* [Exercise]: Copying exactly, give the lines in the material below from the one with "line L0 (-32, 0) -> (10, 0)" to the one with "(4, 0.7682, 0.6402)", ends included, and nothing besides.

* [Records shown]:
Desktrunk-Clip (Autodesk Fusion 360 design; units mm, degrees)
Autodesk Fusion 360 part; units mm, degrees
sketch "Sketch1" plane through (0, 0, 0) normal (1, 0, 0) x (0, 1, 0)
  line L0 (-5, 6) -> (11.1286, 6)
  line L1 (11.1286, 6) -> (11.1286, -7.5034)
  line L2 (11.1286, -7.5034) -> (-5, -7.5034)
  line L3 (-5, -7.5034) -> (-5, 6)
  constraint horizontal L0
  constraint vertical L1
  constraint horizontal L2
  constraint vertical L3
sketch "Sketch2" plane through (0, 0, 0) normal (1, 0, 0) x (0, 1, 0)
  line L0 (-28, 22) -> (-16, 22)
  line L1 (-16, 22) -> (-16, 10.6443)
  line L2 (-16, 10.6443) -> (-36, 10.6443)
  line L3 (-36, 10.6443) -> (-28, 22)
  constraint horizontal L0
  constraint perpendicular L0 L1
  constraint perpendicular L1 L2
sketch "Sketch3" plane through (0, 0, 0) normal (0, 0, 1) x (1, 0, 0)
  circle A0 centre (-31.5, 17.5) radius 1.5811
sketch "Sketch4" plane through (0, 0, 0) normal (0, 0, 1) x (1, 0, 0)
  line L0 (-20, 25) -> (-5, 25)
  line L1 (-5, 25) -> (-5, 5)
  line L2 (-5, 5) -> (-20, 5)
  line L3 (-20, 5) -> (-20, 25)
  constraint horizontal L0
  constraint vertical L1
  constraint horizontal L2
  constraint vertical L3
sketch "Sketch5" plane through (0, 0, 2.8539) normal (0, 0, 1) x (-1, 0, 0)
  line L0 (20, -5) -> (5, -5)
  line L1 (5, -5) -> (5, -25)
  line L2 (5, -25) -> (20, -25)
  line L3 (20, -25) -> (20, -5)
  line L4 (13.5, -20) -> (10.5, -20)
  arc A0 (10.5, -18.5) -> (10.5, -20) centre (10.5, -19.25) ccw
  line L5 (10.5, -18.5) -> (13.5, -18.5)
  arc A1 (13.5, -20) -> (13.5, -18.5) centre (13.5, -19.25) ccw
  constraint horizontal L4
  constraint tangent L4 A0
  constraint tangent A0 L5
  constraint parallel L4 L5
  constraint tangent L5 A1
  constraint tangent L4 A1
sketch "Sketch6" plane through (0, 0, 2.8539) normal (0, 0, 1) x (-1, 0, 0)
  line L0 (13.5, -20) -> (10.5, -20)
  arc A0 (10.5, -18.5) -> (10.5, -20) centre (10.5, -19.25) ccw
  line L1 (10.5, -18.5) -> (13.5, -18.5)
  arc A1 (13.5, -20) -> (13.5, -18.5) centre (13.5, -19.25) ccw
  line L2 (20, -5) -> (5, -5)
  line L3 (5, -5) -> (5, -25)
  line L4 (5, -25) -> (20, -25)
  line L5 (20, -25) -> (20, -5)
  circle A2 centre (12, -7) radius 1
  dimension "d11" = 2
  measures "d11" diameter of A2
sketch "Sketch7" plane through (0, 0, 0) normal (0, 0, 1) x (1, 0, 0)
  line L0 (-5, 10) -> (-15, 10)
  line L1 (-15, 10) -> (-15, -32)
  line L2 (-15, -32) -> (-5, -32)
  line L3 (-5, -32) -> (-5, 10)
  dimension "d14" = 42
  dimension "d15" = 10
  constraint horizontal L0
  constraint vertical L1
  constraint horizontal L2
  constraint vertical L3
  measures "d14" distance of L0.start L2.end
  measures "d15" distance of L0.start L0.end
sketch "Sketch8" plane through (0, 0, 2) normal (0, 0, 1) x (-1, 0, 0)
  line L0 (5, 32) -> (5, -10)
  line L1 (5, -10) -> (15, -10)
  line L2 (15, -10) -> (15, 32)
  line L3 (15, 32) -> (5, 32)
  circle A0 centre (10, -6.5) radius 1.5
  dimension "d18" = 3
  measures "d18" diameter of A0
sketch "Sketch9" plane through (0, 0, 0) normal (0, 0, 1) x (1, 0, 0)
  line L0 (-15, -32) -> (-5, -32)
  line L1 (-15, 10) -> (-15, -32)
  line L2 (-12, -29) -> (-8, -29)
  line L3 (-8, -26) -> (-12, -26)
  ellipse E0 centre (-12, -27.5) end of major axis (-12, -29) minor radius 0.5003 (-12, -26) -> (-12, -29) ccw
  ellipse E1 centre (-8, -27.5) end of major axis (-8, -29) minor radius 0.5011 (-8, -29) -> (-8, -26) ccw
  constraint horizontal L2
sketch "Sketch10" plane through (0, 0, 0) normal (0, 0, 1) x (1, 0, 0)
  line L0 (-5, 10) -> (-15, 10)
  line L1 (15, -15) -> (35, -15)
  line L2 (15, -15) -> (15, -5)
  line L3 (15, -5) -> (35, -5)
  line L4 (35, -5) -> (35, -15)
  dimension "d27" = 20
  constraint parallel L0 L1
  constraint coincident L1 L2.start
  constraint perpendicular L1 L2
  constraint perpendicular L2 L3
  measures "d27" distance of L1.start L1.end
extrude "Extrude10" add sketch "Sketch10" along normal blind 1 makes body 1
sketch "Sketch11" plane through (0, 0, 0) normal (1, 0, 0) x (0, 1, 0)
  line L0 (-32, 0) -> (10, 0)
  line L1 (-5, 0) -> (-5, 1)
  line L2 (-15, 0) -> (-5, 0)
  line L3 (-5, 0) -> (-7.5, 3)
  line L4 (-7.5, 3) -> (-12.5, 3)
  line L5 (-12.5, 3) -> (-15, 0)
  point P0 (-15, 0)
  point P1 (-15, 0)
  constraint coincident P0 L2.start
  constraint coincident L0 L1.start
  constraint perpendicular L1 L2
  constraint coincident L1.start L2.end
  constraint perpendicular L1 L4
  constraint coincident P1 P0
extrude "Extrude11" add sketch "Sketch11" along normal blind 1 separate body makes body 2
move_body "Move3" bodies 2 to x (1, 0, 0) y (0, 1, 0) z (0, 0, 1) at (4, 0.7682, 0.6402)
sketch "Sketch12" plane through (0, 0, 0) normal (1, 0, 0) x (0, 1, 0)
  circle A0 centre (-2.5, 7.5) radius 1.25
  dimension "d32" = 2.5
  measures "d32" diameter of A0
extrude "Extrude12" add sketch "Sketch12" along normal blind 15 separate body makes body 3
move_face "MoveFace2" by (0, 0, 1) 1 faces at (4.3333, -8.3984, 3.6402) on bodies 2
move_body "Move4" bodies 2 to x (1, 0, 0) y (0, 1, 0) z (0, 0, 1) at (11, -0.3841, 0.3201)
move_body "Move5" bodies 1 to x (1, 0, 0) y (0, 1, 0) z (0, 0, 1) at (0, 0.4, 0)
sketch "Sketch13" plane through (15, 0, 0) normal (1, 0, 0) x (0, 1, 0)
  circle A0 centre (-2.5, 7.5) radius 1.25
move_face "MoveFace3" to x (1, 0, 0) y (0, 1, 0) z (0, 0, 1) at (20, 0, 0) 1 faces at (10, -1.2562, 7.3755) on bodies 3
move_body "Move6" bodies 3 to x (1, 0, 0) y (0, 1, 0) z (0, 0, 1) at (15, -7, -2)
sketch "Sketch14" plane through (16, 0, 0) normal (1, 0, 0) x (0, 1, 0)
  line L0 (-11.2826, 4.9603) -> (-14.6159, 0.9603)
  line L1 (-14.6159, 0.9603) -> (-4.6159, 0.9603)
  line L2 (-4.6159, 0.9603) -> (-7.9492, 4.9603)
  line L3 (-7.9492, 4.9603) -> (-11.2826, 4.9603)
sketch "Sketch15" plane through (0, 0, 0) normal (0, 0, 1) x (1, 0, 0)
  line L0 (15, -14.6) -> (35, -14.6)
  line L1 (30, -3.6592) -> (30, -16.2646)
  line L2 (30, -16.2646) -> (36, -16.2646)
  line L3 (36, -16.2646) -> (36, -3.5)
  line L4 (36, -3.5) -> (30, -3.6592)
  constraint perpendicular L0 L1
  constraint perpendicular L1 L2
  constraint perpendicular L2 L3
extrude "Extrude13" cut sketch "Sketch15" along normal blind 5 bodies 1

* [Task solution]:
  line L0 (-32, 0) -> (10, 0)
  line L1 (-5, 0) -> (-5, 1)
  line L2 (-15, 0) -> (-5, 0)
  line L3 (-5, 0) -> (-7.5, 3)
  line L4 (-7.5, 3) -> (-12.5, 3)
  line L5 (-12.5, 3) -> (-15, 0)
  point P0 (-15, 0)
  point P1 (-15, 0)
  constraint coincident P0 L2.start
  constraint coincident L0 L1.start
  constraint perpendicular L1 L2
  constraint coincident L1.start L2.end
  constraint perpendicular L1 L4
  constraint coincident P1 P0
extrude "Extrude11" add sketch "Sketch11" along normal blind 1 separate body makes body 2
move_body "Move3" bodies 2 to x (1, 0, 0) y (0, 1, 0) z (0, 0, 1) at (4, 0.7682, 0.6402)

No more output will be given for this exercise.